4.3 The complainant expressed surprised about the disciplinary hearing and said that she could not understand why it was necessary when the majority of her sick leave was certified. Ms. A explained the impact the backlog was having on the business and it was essential to utilise all the resources available to overcome the backlog of work. Ms B told the complainant that after they had discussed the issues raised at the meeting there would be a further meeting to let her know the outcome of the disciplinary hearing. It was decided that a formal written warning under the disciplinary procedures was the most appropriate sanction for the complainant's absenteeism. This was issued to the complainant on the 11th of February 2010 and the complainant refused to sign it. She then appealed the decision by letter dated the 12th of February 2010. The appeal was heard by the Quality Manager and the HR Manager on the 22nd of February 2010 and the sanction was reduced from a written warning to a formal verbal warning which would remain on the complainant's file for 6 months. The respondent said that they accepted that the complainant's illnesses at the time were genuine and they were never questioning the validity of them. However they were concerned about her attendance record and the requirement as a member of a same team to contribute to the workload. The sick pay scheme in the company provides for 12 weeks pay in any 12 month period and the complainant had exhausted her entitlement by December 2009. Once the complainant returned to work there was no indication from her or her doctor that that she was continuing to suffer from any disability at any stage thereafter. They submitted that they facilitated her return to work by giving her part-time work for two weeks and submit that they provided her with reasonable accommodation in relation to recovery from her operation.

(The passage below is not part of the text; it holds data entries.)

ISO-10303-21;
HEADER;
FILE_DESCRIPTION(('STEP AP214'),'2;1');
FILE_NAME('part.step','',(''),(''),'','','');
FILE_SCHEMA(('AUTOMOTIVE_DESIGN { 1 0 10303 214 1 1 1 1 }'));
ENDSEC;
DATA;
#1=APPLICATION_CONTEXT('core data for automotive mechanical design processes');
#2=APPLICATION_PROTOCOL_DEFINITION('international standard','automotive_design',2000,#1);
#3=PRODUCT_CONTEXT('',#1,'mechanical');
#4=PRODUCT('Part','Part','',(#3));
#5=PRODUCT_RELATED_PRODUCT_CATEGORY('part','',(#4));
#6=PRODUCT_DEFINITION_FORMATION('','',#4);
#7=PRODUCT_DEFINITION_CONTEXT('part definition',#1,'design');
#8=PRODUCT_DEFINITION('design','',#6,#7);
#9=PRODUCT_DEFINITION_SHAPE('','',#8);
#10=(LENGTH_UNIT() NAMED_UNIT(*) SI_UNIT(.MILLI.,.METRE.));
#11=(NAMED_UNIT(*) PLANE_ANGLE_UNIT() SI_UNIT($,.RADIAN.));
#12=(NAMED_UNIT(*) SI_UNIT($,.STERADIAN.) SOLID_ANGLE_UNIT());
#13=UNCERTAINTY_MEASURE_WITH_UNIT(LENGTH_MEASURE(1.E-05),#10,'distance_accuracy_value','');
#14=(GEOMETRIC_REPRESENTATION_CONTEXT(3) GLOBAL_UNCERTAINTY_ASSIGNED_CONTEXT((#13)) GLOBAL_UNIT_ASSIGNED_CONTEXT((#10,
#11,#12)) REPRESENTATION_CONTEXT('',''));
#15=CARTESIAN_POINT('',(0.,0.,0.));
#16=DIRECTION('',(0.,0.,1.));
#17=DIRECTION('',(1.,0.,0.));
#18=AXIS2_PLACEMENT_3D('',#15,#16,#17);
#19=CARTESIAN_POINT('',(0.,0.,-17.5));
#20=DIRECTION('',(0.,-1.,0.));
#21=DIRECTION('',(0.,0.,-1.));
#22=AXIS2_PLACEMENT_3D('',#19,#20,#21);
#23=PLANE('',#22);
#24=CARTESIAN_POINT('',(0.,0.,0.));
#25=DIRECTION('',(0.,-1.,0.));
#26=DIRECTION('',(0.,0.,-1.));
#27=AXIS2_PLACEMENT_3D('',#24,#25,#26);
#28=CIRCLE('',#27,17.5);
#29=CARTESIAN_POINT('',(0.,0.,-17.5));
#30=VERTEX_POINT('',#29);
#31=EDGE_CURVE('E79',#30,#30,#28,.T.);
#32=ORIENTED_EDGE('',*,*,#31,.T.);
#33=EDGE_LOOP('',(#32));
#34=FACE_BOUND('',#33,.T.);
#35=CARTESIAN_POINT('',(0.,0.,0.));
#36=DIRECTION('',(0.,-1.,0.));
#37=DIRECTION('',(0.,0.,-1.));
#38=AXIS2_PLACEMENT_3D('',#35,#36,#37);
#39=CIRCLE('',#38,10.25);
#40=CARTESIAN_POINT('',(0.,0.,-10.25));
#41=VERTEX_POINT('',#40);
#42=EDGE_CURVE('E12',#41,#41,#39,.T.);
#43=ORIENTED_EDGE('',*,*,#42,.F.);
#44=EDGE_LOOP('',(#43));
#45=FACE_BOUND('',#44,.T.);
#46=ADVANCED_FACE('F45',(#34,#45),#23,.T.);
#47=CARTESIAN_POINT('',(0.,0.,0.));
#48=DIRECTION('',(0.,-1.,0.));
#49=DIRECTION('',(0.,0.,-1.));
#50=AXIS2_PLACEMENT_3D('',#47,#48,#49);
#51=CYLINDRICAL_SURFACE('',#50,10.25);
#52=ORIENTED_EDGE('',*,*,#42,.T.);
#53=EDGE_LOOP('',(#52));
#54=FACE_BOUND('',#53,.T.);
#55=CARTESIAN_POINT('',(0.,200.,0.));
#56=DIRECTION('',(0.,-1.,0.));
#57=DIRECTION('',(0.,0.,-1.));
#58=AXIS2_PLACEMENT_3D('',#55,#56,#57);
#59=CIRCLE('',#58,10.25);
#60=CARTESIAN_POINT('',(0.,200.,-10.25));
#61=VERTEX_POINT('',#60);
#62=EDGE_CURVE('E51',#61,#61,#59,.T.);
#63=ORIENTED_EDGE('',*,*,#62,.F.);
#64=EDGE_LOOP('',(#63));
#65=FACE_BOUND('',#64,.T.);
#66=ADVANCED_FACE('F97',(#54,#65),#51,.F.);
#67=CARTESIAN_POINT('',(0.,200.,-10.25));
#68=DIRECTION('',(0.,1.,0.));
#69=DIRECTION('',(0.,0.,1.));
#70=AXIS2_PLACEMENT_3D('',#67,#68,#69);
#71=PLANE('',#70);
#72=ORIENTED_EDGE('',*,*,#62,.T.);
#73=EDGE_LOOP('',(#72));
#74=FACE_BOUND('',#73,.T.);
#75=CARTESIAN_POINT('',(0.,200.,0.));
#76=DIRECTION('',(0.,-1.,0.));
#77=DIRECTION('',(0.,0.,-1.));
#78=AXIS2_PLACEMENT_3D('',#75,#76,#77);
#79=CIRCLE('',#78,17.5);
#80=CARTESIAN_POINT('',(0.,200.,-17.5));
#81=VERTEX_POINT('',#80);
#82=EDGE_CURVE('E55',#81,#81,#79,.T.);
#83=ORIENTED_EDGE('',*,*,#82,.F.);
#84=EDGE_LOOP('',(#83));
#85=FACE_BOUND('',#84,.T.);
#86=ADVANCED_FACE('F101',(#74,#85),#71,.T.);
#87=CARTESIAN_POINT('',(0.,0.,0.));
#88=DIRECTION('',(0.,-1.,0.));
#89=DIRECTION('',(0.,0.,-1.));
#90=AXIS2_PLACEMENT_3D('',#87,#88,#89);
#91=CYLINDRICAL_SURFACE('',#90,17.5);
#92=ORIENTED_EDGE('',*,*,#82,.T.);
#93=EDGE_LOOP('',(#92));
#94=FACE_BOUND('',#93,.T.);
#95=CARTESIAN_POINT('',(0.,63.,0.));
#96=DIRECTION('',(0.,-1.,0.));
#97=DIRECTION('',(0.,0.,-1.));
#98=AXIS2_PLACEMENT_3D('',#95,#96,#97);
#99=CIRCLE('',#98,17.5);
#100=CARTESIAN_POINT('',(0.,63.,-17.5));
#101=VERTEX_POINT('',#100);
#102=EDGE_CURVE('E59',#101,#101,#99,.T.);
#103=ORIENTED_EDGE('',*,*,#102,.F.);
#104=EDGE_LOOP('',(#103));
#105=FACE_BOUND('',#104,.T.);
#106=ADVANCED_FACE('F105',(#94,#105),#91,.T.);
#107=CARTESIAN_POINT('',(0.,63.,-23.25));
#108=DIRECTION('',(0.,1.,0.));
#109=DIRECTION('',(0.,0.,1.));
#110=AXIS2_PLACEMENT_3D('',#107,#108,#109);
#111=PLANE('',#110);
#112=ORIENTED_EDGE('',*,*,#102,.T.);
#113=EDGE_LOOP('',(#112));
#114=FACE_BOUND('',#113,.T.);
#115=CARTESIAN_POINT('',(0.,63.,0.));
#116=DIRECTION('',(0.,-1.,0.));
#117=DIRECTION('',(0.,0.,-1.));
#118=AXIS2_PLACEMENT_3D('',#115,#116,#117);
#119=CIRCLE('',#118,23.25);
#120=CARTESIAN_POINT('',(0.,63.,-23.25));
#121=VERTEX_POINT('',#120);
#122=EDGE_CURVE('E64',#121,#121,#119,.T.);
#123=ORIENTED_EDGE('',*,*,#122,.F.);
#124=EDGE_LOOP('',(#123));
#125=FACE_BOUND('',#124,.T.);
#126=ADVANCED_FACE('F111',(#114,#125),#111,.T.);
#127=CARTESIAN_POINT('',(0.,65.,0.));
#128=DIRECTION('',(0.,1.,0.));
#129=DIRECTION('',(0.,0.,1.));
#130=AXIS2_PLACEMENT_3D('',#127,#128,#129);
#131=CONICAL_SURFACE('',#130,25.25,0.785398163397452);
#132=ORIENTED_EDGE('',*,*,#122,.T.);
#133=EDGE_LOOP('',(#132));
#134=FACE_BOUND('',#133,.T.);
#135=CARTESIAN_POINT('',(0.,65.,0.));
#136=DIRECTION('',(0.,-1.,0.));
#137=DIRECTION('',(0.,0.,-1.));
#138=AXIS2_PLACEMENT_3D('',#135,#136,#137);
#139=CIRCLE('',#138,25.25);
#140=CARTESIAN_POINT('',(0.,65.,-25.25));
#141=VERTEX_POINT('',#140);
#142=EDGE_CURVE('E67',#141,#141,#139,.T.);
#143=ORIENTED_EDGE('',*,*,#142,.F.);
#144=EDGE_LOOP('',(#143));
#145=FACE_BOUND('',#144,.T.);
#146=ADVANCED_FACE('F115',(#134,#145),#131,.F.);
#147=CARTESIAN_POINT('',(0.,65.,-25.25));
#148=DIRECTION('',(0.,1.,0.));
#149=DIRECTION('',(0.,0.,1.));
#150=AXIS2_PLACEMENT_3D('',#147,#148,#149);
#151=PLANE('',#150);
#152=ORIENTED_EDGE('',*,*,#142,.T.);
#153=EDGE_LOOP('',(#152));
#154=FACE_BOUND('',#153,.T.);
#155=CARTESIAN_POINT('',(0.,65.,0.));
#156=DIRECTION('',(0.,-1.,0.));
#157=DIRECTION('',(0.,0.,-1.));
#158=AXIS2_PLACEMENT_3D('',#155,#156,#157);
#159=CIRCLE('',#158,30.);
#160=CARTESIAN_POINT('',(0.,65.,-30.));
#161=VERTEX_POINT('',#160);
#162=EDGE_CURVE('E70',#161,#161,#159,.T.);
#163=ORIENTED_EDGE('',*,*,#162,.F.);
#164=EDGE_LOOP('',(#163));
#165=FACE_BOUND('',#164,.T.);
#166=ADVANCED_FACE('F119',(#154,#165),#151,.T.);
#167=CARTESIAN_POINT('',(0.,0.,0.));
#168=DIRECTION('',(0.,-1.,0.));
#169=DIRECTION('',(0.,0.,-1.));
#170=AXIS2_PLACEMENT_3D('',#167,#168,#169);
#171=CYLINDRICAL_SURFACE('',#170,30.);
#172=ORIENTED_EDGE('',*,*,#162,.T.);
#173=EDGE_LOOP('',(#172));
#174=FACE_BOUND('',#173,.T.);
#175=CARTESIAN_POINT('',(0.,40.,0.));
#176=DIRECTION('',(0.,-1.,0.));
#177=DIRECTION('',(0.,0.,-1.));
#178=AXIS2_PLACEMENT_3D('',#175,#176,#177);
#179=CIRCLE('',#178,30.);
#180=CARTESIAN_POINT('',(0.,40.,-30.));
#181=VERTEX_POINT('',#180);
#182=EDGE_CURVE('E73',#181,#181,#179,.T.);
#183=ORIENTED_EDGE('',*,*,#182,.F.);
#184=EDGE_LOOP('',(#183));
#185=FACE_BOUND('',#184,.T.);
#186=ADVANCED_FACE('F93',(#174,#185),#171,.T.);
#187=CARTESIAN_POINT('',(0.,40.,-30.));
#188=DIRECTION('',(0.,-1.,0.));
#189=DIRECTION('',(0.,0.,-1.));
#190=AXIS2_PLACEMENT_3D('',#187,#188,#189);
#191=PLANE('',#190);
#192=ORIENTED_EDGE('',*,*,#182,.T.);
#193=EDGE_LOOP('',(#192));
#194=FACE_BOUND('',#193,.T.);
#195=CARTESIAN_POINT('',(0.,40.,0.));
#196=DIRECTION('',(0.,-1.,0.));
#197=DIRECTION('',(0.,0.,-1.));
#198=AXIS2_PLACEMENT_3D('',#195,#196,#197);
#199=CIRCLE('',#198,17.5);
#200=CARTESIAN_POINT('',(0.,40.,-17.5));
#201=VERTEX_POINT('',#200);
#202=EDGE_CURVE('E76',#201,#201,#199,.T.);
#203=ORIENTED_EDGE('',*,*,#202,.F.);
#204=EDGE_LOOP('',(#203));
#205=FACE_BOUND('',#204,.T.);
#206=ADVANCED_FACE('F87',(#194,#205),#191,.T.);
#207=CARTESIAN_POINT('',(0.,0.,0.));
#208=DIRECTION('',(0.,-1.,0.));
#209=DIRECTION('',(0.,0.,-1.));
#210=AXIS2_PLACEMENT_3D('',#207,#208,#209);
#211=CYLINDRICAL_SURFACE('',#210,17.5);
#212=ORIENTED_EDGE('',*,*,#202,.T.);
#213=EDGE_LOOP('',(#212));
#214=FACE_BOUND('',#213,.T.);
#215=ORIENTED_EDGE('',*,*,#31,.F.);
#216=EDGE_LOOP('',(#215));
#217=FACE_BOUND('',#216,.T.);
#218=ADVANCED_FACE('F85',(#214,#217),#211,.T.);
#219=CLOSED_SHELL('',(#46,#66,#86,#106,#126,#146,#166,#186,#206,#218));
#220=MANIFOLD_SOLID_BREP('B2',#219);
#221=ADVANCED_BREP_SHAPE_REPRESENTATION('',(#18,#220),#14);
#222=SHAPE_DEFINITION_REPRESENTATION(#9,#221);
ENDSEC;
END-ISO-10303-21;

5 Conclusions of the Equality Officer
5.1 The complainant's case is that she was discriminated against on the disability ground in terms of Section 6 (1) and 6 (2) (g) of the Employment Equality Acts, 1998 - 2011, contrary to Section 8 of and 16 those Acts in relation to her conditions of employment when she was disciplined in relation to her sick leave record. She also contends that she was not provided with reasonable accommodation in accordance with section 16 of the Act and that she was victimised contrary to section 74 and harassed contrary to section 14 A. The respondent submits that they were entitled to discipline the complainant because of her absenteeism. In making my decision I have taken into account all of the evidence, both written and oral, made to me by the parties.
Section 6 provides:
6. -- (1) "For the purposes of this Act and without prejudice to its
provisions relating to discrimination occurring in particular circumstances,
discrimination shall be taken to occur where --
(a) a person is treated less favourably than another person is,
has been or would be treated in a comparable situation
on any of the grounds specified in subsection (2) (in this
Act referred to as the ''discriminatory grounds'') which --
(i) exists,
(ii) existed but no longer exists,
(iii) may exist in the future, or
(iv) is imputed to the person concerned,................"
And
(2) "As between any 2 persons, the discriminatory grounds (and
the descriptions of those grounds for the purposes of this Act) are --
(g) that one is a person with a disability and the other either is
not or is a person with a different disability (in this Act
referred to as ''the disability ground''),"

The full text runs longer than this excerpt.